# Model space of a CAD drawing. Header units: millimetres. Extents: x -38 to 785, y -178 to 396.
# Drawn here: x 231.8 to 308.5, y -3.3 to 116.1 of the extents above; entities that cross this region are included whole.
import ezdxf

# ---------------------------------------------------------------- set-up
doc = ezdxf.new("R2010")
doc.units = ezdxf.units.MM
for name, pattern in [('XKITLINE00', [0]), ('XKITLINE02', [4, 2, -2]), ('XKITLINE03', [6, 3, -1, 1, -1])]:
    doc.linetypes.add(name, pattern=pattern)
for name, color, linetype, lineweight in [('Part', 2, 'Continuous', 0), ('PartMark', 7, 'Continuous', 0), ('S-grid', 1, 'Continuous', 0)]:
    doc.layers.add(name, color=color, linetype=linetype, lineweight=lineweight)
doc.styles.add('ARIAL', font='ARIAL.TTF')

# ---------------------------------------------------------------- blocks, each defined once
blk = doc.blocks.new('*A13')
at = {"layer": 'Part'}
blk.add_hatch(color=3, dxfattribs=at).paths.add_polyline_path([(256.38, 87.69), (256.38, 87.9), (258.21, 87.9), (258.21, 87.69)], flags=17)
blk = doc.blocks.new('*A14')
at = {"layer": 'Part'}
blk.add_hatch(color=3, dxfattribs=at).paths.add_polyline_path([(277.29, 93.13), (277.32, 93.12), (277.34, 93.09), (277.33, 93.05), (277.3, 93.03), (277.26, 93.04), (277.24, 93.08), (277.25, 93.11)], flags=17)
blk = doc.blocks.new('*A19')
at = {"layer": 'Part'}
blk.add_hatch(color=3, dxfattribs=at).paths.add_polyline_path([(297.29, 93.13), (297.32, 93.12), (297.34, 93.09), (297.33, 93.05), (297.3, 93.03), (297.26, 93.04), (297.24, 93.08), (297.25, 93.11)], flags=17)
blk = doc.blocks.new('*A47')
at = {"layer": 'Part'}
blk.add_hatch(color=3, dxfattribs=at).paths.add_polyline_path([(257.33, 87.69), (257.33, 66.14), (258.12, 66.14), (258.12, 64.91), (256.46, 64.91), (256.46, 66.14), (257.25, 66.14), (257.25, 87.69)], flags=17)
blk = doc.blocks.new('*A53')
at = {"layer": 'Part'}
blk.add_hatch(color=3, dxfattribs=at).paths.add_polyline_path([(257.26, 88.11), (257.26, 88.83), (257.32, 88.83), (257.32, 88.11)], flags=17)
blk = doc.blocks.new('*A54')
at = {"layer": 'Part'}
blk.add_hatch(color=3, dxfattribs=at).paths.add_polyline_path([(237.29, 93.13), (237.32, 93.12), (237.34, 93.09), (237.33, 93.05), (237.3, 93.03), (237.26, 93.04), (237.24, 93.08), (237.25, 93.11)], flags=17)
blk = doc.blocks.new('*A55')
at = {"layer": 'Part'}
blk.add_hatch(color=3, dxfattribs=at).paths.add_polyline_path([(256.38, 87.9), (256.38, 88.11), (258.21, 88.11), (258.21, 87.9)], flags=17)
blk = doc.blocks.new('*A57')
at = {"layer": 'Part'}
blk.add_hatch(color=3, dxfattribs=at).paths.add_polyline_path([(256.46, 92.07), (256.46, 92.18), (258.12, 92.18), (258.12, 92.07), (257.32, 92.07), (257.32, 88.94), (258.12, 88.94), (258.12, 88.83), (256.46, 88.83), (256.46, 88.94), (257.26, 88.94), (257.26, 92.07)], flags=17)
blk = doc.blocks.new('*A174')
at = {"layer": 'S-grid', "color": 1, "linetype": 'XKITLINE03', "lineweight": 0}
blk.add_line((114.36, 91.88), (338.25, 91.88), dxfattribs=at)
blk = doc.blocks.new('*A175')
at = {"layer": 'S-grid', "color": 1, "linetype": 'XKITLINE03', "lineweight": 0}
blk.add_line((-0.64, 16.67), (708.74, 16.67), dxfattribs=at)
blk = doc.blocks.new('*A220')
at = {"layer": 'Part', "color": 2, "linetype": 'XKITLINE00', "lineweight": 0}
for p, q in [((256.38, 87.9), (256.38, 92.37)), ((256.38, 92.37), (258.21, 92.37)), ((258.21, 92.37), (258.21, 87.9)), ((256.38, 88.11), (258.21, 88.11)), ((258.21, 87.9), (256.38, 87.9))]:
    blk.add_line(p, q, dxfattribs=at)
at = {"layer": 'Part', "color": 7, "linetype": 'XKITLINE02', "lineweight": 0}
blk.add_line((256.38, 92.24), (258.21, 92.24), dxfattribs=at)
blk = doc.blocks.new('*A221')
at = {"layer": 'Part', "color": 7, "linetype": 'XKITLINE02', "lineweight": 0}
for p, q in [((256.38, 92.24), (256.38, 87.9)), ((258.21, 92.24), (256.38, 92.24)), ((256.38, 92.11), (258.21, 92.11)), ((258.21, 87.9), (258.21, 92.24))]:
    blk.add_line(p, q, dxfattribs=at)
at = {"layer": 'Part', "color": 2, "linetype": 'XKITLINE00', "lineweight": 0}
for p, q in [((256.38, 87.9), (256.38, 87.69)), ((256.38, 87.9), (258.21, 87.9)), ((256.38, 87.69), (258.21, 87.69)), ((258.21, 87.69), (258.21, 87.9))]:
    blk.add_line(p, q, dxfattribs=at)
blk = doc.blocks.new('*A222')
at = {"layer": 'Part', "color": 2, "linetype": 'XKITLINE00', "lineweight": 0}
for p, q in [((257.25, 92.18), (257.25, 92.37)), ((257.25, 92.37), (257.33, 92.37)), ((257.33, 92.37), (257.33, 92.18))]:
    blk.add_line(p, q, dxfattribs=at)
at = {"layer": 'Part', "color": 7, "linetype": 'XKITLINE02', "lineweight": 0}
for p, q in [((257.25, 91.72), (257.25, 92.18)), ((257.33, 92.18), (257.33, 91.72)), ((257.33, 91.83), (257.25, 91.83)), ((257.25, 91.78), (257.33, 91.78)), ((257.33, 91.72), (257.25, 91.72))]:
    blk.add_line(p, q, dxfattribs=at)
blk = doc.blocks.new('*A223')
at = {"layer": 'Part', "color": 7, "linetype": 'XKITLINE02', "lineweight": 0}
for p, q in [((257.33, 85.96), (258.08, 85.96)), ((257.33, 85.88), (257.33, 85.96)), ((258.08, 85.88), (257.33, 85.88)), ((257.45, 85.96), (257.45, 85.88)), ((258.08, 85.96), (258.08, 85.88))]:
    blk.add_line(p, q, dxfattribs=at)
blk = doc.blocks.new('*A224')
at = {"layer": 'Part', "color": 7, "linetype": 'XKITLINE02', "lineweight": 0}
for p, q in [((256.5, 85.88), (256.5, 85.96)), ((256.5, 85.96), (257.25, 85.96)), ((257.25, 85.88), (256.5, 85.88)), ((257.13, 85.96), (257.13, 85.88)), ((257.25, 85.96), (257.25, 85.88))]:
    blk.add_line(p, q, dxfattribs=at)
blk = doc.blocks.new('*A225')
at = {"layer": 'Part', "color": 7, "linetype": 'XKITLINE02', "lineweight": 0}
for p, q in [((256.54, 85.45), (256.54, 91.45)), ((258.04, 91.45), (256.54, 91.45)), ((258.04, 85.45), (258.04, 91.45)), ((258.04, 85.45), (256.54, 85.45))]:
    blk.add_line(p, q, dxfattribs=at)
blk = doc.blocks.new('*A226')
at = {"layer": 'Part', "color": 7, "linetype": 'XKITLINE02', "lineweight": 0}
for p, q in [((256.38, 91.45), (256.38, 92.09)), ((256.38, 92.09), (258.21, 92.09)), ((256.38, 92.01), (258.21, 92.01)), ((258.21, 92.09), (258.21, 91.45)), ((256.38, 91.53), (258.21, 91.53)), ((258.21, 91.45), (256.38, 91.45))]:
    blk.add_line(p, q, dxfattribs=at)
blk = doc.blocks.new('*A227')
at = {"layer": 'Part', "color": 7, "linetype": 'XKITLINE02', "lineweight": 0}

########################################

HOW TO COMPLETE THIS TASK:
The first line of the listing above through the line containing "for name, pattern": print exactly that, both ends included.

RESPONSE TO THIS EXERCISE:
# Model space of a CAD drawing. Header units: millimetres. Extents: x -38 to 785, y -178 to 396.
# Drawn here: x 231.8 to 308.5, y -3.3 to 116.1 of the extents above; entities that cross this region are included whole.
import ezdxf

# ---------------------------------------------------------------- set-up
doc = ezdxf.new("R2010")
doc.units = ezdxf.units.MM
for name, pattern in [('XKITLINE00', [0]), ('XKITLINE02', [4, 2, -2]), ('XKITLINE03', [6, 3, -1, 1, -1])]:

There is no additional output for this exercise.